Так в цирке смотрят на акробата, шагающего по проволоке под самым куполом цирка: неужели сумеет пройти? Карлик, видимо, испугался. Это было, может быть, только секундное оцепенение. Он сразу же и нашелся - повернулся и быстро пошел обратно к скамье подсудимых: он сидел на ней около полугода, и сейчас только на ней он чувствовал себя безопасно.
Он дошел до нее, сел, повернулся так, чтобы от дверей видели одну его сгорбленную спину. Тут к нему подошли защитник и комендант и что-то сказали, показывая на комнату совещаний, - очевидно, там был запасной ход.
Карлик долго молчал, потом резко и коротко кивнул головой и совсем отвернулся от них, потом вдруг сорвался и быстро пошел к дверям.

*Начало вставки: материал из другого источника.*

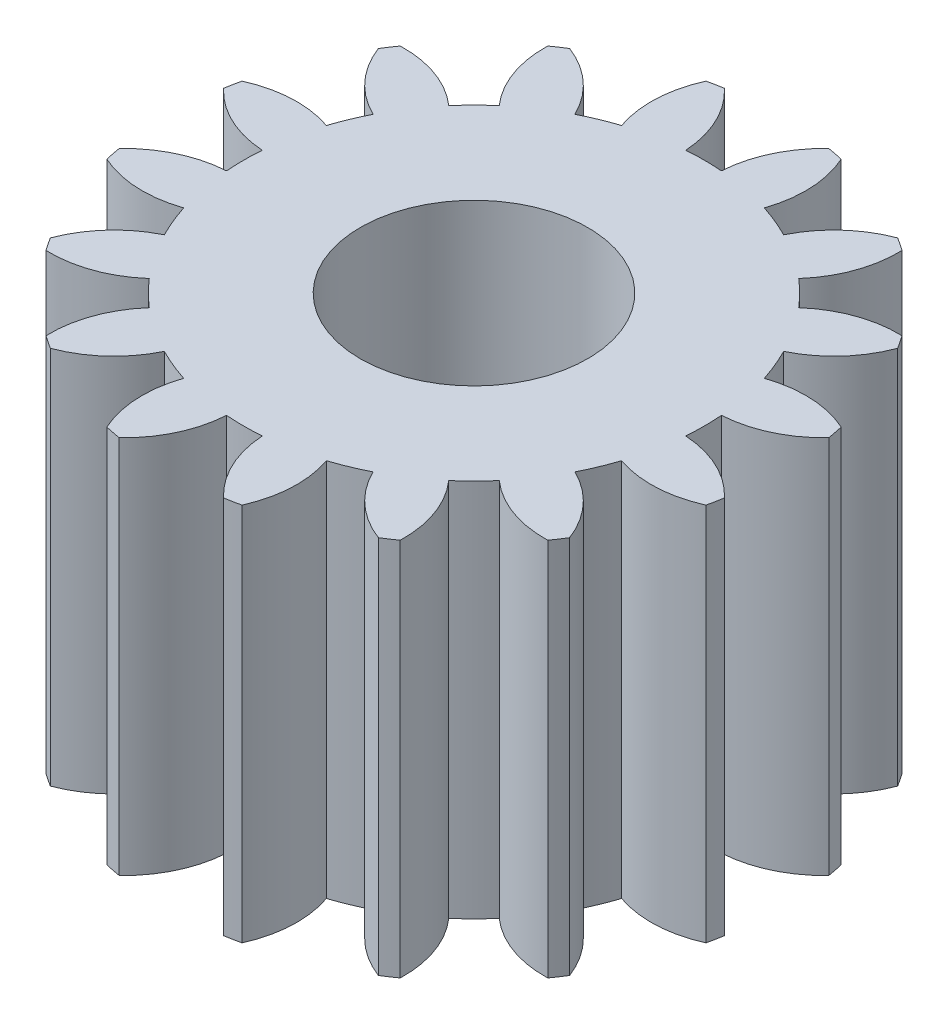
from build123d import *

# Parameters (mm, degrees)
BOSS_EXTRUDE1_DEPTH = 10
SKETCH2_R           = 3
CUT_EXTRUDE1_DEPTH  = 10


with BuildPart() as part:
    # Sketch1 → Boss-Extrude1 (new body)
    with BuildSketch(Plane(origin=(0, 0, 0), x_dir=(1, 0, 0), z_dir=(0, 1, 0))):
        with BuildLine():
            ThreePointArc((-7.982172642, 1.3765609), (-7.105660658, 0.739320543), (-6.05570223, 0.47111199))
            ThreePointArc((-6.05570223, 0.47111199), (-6.074, 0), (-6.05570223, -0.47111199))
            ThreePointArc((-6.05570223, -0.47111199), (-7.105660658, -0.739320543), (-7.982172642, -1.3765609))
            ThreePointArc((-7.982172642, -1.3765609), (-7.944360771, -1.580231608), (-7.901352979, -1.782868784))
            ThreePointArc((-7.901352979, -1.782868784), (-6.84770017, -2.036175492), (-5.775026098, -1.882166189))
            ThreePointArc((-5.775026098, -1.882166189), (-5.61164428, -2.324419168), (-5.414452591, -2.75266764))
            ThreePointArc((-5.414452591, -2.75266764), (-6.281848724, -3.402261728), (-6.847778879, -4.326421665))
            ThreePointArc((-6.847778879, -4.326421665), (-6.73490386, -4.500118887), (-6.617623951, -4.670872857))
            ThreePointArc((-6.617623951, -4.670872857), (-5.547239406, -4.501682267), (-4.615154594, -3.948901628))
            ThreePointArc((-4.615154594, -3.948901628), (-4.294966589, -4.294966589), (-3.948901628, -4.615154594))
            ThreePointArc((-3.948901628, -4.615154594), (-4.501682267, -5.547239406), (-4.670872857, -6.617623951))
            ThreePointArc((-4.670872857, -6.617623951), (-4.500118887, -6.73490386), (-4.326421665, -6.847778879))
            ThreePointArc((-4.326421665, -6.847778879), (-3.402261728, -6.281848724), (-2.75266764, -5.414452591))
            ThreePointArc((-2.75266764, -5.414452591), (-2.324419168, -5.61164428), (-1.882166189, -5.775026098))
            ThreePointArc((-1.882166189, -5.775026098), (-2.036175492, -6.84770017), (-1.782868784, -7.901352979))
            ThreePointArc((-1.782868784, -7.901352979), (-1.580231608, -7.944360771), (-1.3765609, -7.982172642))
            ThreePointArc((-1.3765609, -7.982172642), (-0.739320543, -7.105660658), (-0.47111199, -6.05570223))
            ThreePointArc((-0.47111199, -6.05570223), (0, -6.074), (0.47111199, -6.05570223))
            ThreePointArc((0.47111199, -6.05570223), (0.739320543, -7.105660658), (1.3765609, -7.982172642))
            ThreePointArc((1.3765609, -7.982172642), (1.580231608, -7.944360771), (1.782868784, -7.901352979))
            ThreePointArc((1.782868784, -7.901352979), (2.036175492, -6.84770017), (1.882166189, -5.775026098))
            ThreePointArc((1.882166189, -5.775026098), (2.324419168, -5.61164428), (2.75266764, -5.414452591))
            ThreePointArc((2.75266764, -5.414452591), (3.402261728, -6.281848724), (4.326421665, -6.847778879))
            ThreePointArc((4.326421665, -6.847778879), (4.500118887, -6.73490386), (4.670872857, -6.617623951))
            ThreePointArc((4.670872857, -6.617623951), (4.501682267, -5.547239406), (3.948901628, -4.615154594))
            ThreePointArc((3.948901628, -4.615154594), (4.294966589, -4.294966589), (4.615154594, -3.948901628))
            ThreePointArc((4.615154594, -3.948901628), (5.547239406, -4.501682267), (6.617623951, -4.670872857))
            ThreePointArc((6.617623951, -4.670872857), (6.73490386, -4.500118887), (6.847778879, -4.326421665))
            ThreePointArc((6.847778879, -4.326421665), (6.281848724, -3.402261728), (5.414452591, -2.75266764))
            ThreePointArc((5.414452591, -2.75266764), (5.61164428, -2.324419168), (5.775026098, -1.882166189))
            ThreePointArc((5.775026098, -1.882166189), (6.84770017, -2.036175492), (7.901352979, -1.782868784))
            ThreePointArc((7.901352979, -1.782868784), (7.944360771, -1.580231608), (7.982172642, -1.3765609))
            ThreePointArc((7.982172642, -1.3765609), (7.105660658, -0.739320543), (6.05570223, -0.47111199))
            ThreePointArc((6.05570223, -0.47111199), (6.074, 0), (6.05570223, 0.47111199))
            ThreePointArc((6.05570223, 0.47111199), (7.105660658, 0.739320543), (7.982172642, 1.3765609))
            ThreePointArc((7.982172642, 1.3765609), (7.944360771, 1.580231608), (7.901352979, 1.782868784))
            ThreePointArc((7.901352979, 1.782868784), (6.84770017, 2.036175492), (5.775026098, 1.882166189))
            ThreePointArc((5.775026098, 1.882166189), (5.61164428, 2.324419168), (5.414452591, 2.75266764))
            ThreePointArc((5.414452591, 2.75266764), (6.281848724, 3.402261728), (6.847778879, 4.326421665))
            ThreePointArc((6.847778879, 4.326421665), (6.73490386, 4.500118887), (6.617623951, 4.670872857))
            ThreePointArc((6.617623951, 4.670872857), (5.547239406, 4.501682267), (4.615154594, 3.948901628))
            ThreePointArc((4.615154594, 3.948901628), (4.294966589, 4.294966589), (3.948901628, 4.615154594))
            ThreePointArc((3.948901628, 4.615154594), (4.501682267, 5.547239406), (4.670872857, 6.617623951))
            ThreePointArc((4.670872857, 6.617623951), (4.500118887, 6.73490386), (4.326421665, 6.847778879))
            ThreePointArc((4.326421665, 6.847778879), (3.402261728, 6.281848724), (2.75266764, 5.414452591))
            ThreePointArc((2.75266764, 5.414452591), (2.324419168, 5.61164428), (1.882166189, 5.775026098))
            ThreePointArc((1.882166189, 5.775026098), (2.036175492, 6.84770017), (1.782868784, 7.901352979))
            ThreePointArc((1.782868784, 7.901352979), (1.580231608, 7.944360771), (1.3765609, 7.982172642))
            ThreePointArc((1.3765609, 7.982172642), (0.739320543, 7.105660658), (0.47111199, 6.05570223))
            ThreePointArc((0.47111199, 6.05570223), (0, 6.074), (-0.47111199, 6.05570223))
            ThreePointArc((-0.47111199, 6.05570223), (-0.739320543, 7.105660658), (-1.3765609, 7.982172642))
            ThreePointArc((-1.3765609, 7.982172642), (-1.580231608, 7.944360771), (-1.782868784, 7.901352979))
            ThreePointArc((-1.782868784, 7.901352979), (-2.036175492, 6.84770017), (-1.882166189, 5.775026098))
            ThreePointArc((-1.882166189, 5.775026098), (-2.324419168, 5.61164428), (-2.75266764, 5.414452591))
            ThreePointArc((-2.75266764, 5.414452591), (-3.402261728, 6.281848724), (-4.326421665, 6.847778879))
            ThreePointArc((-4.326421665, 6.847778879), (-4.500118887, 6.73490386), (-4.670872857, 6.617623951))
            ThreePointArc((-4.670872857, 6.617623951), (-4.501682267, 5.547239406), (-3.948901628, 4.615154594))
            ThreePointArc((-3.948901628, 4.615154594), (-4.294966589, 4.294966589), (-4.615154594, 3.948901628))
            ThreePointArc((-4.615154594, 3.948901628), (-5.547239406, 4.501682267), (-6.617623951, 4.670872857))
            ThreePointArc((-6.617623951, 4.670872857), (-6.73490386, 4.500118887), (-6.847778879, 4.326421665))
            ThreePointArc((-6.847778879, 4.326421665), (-6.281848724, 3.402261728), (-5.414452591, 2.75266764))
            ThreePointArc((-5.414452591, 2.75266764), (-5.61164428, 2.324419168), (-5.775026098, 1.882166189))
            ThreePointArc((-5.775026098, 1.882166189), (-6.84770017, 2.036175492), (-7.901352979, 1.782868784))
            ThreePointArc((-7.901352979, 1.782868784), (-7.944360771, 1.580231608), (-7.982172642, 1.3765609))
        make_face()
    extrude(amount=BOSS_EXTRUDE1_DEPTH)

    # Sketch2 → Cut-Extrude1 (cut)
    with BuildSketch(Plane(origin=(0, 10, 0), x_dir=(1, 0, 0), z_dir=(0, 1, 0))):
        Circle(SKETCH2_R)
    extrude(amount=-CUT_EXTRUDE1_DEPTH, mode=Mode.SUBTRACT)


solid = part.part

Он шел теперь вслепую, через весь зал, не разбирая дороги, и было видно, какого усилия ему стоило, чтобы не побежать. Но люди стояли на его дороге, и их взгляды как бы отбрасывали его назад. Он не выдержал этой невидимой преграды, остановился и дико посмотрел на толпу. Ему встретились неподвижные лица, остановившиеся глаза, но он был храбрый человек и поэтому решил идти уж до конца. Он вошел в толпу, и тут вдруг вокруг него образовалась пустота. Люди раздались молчаливо и отчужденно, так, как будто все боялись коснуться руками его рук, лица или костюма.
Тогда я встал и сказал свидетелю обвинения, сидевшему около меня:
- Идемте.
Но он мне не ответил и продолжал смотреть.
- Что вы на него смотрите? Что в нем интересного? - повторил я более настойчиво.
И, продолжая смотреть на карлика, который теперь, вбирая голову, косо, почти панически бежал к дверям, свидетель спокойно ответил:
- А вот то, что он оправдан!"
С этого всего и началось. Потом освободили и тех, кого осудили раньше на больших и малых процессах, и они стали появляться среди нас в глухих военных формах с орденами и значками военных лет. Наряду с акафистами водородной бомбе и атомной гибели появились издевательские призывы к милосердию. "Забудем все прошлое!" - орали газеты, и тогда по улицам замарширова-ли солдаты, солдаты, солдаты, сначала наши, потом развеселые американцы, в городах начались учебные затемнения.